AVAILABLE DATA: Begin

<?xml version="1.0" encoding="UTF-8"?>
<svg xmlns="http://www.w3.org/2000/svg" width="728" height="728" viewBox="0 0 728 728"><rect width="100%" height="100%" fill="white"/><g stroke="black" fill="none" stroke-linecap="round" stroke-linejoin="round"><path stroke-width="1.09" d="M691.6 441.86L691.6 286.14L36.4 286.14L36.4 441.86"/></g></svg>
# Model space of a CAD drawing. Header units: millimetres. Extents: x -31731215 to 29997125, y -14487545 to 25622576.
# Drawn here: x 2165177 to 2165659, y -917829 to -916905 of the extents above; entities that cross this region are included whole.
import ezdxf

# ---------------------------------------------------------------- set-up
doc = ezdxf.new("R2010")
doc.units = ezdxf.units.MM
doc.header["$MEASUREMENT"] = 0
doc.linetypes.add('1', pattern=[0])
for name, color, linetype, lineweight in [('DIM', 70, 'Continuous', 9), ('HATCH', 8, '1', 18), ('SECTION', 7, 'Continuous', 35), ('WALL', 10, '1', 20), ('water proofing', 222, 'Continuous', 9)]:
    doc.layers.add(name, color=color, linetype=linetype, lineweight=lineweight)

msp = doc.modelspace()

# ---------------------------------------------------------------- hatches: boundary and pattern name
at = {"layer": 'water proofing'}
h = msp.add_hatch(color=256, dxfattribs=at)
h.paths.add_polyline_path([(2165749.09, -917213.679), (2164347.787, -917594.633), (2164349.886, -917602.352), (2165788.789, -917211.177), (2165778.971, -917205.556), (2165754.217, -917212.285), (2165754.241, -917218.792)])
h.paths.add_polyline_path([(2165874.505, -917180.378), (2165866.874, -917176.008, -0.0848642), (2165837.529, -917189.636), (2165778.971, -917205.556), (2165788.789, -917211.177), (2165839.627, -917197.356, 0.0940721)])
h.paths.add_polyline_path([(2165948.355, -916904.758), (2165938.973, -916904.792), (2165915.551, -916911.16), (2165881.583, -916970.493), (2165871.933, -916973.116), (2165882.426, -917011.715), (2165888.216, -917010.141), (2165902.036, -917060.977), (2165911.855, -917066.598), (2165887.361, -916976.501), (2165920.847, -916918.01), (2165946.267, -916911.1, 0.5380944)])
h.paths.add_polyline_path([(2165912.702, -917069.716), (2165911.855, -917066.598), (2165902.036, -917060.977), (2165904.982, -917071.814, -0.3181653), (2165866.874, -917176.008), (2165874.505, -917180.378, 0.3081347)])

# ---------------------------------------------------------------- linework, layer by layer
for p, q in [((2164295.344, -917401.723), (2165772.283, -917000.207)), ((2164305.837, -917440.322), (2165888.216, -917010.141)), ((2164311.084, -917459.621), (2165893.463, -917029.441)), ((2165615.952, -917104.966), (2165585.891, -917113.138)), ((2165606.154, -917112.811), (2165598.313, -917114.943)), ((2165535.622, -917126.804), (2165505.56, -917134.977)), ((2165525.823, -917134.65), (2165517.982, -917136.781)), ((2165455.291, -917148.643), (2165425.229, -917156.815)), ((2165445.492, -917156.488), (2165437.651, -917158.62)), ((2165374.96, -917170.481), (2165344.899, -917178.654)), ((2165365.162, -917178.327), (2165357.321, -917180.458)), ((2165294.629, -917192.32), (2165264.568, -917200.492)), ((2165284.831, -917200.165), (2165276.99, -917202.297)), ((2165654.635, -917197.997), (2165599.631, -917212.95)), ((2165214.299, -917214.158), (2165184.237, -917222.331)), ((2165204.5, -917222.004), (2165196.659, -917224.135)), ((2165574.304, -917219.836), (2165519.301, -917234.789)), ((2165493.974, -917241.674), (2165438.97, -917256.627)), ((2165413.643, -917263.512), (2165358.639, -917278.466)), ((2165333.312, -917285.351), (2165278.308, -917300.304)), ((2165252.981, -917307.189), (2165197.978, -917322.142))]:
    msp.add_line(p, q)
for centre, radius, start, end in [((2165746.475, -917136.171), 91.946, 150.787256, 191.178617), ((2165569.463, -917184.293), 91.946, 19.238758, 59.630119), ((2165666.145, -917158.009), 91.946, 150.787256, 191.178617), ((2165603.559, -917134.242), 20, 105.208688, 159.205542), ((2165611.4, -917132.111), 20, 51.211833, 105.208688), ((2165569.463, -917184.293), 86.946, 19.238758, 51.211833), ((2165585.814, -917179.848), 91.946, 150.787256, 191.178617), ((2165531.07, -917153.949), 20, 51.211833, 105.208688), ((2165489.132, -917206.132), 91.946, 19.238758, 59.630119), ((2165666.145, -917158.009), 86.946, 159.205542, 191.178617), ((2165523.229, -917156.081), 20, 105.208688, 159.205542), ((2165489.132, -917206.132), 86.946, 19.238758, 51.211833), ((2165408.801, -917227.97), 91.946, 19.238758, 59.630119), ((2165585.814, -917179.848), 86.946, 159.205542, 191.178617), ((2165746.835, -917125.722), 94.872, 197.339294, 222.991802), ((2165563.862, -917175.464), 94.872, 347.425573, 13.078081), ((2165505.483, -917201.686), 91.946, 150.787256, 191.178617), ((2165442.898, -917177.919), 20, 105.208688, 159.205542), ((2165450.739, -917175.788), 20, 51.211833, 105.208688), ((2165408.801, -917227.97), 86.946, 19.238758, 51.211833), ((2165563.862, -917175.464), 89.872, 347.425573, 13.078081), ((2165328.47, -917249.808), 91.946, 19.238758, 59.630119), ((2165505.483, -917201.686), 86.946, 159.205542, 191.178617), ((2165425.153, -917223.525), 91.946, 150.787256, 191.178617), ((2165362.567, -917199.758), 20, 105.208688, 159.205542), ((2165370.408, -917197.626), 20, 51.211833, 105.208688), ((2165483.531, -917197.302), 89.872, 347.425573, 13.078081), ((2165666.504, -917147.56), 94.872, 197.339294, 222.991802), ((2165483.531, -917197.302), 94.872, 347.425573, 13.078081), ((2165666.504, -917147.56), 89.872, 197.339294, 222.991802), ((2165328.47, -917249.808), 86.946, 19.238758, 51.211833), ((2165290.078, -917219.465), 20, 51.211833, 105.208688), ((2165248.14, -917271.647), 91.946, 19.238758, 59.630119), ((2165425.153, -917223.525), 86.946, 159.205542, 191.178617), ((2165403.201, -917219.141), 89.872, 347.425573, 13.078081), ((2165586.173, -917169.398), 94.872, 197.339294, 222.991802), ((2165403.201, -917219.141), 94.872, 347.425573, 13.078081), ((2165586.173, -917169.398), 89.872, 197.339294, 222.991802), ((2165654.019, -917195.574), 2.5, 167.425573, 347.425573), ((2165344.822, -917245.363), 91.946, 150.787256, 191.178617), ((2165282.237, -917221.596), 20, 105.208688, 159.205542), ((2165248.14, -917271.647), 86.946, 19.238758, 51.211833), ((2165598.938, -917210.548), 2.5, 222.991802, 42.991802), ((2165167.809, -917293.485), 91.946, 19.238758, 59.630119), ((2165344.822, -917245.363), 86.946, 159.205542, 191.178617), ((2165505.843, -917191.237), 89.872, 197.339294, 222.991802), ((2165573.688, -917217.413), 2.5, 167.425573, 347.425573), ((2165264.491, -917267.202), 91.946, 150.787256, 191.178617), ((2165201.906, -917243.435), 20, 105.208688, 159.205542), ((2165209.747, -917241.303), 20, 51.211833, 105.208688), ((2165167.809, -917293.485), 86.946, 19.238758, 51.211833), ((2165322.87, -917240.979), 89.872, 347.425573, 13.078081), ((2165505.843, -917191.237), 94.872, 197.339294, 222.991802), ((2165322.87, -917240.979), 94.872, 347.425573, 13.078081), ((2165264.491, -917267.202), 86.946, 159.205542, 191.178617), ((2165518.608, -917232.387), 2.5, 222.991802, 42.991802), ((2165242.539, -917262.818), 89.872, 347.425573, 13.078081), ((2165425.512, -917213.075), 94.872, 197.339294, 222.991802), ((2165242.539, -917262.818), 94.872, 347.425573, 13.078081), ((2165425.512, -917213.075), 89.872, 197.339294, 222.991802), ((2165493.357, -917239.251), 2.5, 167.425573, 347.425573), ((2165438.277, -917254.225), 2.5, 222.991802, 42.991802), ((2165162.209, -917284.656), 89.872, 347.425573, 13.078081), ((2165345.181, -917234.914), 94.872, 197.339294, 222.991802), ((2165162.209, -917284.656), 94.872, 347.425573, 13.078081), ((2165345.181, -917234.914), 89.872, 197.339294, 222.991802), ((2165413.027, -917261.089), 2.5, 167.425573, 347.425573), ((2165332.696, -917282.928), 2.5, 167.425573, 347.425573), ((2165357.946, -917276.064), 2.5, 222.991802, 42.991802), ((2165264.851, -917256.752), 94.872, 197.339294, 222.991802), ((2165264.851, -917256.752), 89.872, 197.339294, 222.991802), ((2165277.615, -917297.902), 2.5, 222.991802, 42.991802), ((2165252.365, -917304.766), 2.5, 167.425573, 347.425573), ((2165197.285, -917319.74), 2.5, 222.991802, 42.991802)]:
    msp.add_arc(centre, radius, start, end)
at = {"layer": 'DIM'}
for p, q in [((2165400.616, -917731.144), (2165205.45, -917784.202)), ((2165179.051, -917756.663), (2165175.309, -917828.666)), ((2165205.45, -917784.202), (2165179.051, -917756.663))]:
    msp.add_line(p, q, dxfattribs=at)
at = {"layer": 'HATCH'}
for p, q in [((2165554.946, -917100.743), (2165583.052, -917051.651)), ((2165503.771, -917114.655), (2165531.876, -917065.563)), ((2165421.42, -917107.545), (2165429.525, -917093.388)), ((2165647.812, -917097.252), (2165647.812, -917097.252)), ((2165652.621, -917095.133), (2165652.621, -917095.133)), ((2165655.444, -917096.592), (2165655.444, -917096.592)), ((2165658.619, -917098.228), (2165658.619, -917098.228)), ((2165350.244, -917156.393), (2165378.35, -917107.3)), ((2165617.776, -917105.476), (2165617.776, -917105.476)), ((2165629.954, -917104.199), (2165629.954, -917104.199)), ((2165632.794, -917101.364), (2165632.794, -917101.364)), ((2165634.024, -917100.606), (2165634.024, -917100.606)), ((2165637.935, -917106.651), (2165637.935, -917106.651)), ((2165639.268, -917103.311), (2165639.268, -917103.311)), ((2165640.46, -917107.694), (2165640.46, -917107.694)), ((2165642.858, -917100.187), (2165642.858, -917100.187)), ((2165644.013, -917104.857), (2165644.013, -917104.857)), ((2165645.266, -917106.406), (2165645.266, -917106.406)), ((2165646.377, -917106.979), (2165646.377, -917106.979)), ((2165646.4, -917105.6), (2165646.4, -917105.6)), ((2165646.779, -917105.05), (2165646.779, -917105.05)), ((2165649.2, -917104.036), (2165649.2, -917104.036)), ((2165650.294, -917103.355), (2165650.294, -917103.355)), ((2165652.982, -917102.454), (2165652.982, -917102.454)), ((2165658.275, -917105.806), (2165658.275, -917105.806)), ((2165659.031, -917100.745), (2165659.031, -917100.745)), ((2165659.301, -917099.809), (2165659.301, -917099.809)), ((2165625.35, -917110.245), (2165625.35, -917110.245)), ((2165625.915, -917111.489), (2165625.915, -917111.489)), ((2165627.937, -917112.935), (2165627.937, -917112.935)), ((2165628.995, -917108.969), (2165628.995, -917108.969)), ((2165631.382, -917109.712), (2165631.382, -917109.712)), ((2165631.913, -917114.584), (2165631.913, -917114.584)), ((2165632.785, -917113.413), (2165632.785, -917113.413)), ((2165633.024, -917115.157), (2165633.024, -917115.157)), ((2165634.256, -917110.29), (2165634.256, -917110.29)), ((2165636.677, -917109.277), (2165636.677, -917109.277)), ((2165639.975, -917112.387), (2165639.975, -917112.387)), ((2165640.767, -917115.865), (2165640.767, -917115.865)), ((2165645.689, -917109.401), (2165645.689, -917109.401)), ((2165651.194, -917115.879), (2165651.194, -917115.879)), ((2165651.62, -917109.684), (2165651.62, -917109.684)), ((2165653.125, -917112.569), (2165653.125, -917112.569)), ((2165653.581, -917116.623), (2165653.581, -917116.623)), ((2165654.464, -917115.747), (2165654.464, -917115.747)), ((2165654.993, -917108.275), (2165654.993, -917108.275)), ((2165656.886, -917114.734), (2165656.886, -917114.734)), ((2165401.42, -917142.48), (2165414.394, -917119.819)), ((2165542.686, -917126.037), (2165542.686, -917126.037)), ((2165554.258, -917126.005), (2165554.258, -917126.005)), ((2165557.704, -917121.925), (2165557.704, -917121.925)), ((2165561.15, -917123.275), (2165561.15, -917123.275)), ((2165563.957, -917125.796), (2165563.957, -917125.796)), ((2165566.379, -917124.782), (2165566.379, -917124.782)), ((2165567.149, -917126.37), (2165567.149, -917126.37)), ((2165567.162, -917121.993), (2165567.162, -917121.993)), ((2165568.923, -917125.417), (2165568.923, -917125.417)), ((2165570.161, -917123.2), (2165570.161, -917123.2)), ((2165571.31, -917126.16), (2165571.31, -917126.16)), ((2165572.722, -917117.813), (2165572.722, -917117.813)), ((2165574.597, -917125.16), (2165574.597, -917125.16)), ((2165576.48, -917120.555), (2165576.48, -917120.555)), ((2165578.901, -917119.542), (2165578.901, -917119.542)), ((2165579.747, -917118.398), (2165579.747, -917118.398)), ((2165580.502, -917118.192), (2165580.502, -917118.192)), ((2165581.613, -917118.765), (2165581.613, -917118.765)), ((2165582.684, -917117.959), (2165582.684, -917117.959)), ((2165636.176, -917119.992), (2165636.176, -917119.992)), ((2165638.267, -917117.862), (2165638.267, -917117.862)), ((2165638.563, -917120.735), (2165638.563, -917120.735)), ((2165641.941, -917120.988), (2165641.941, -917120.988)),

AVAILABLE DATA: End

• [DIRECTIONS] Reproduce each line from the listing above that includes the word "color".

• [RESULT OF THIS TASK]
for name, color, linetype, lineweight in [('DIM', 70, 'Continuous', 9), ('HATCH', 8, '1', 18), ('SECTION', 7, 'Continuous', 35), ('WALL', 10, '1', 20), ('water proofing', 222, 'Continuous', 9)]:
    doc.layers.add(name, color=color, linetype=linetype, lineweight=lineweight)
h = msp.add_hatch(color=256, dxfattribs=at)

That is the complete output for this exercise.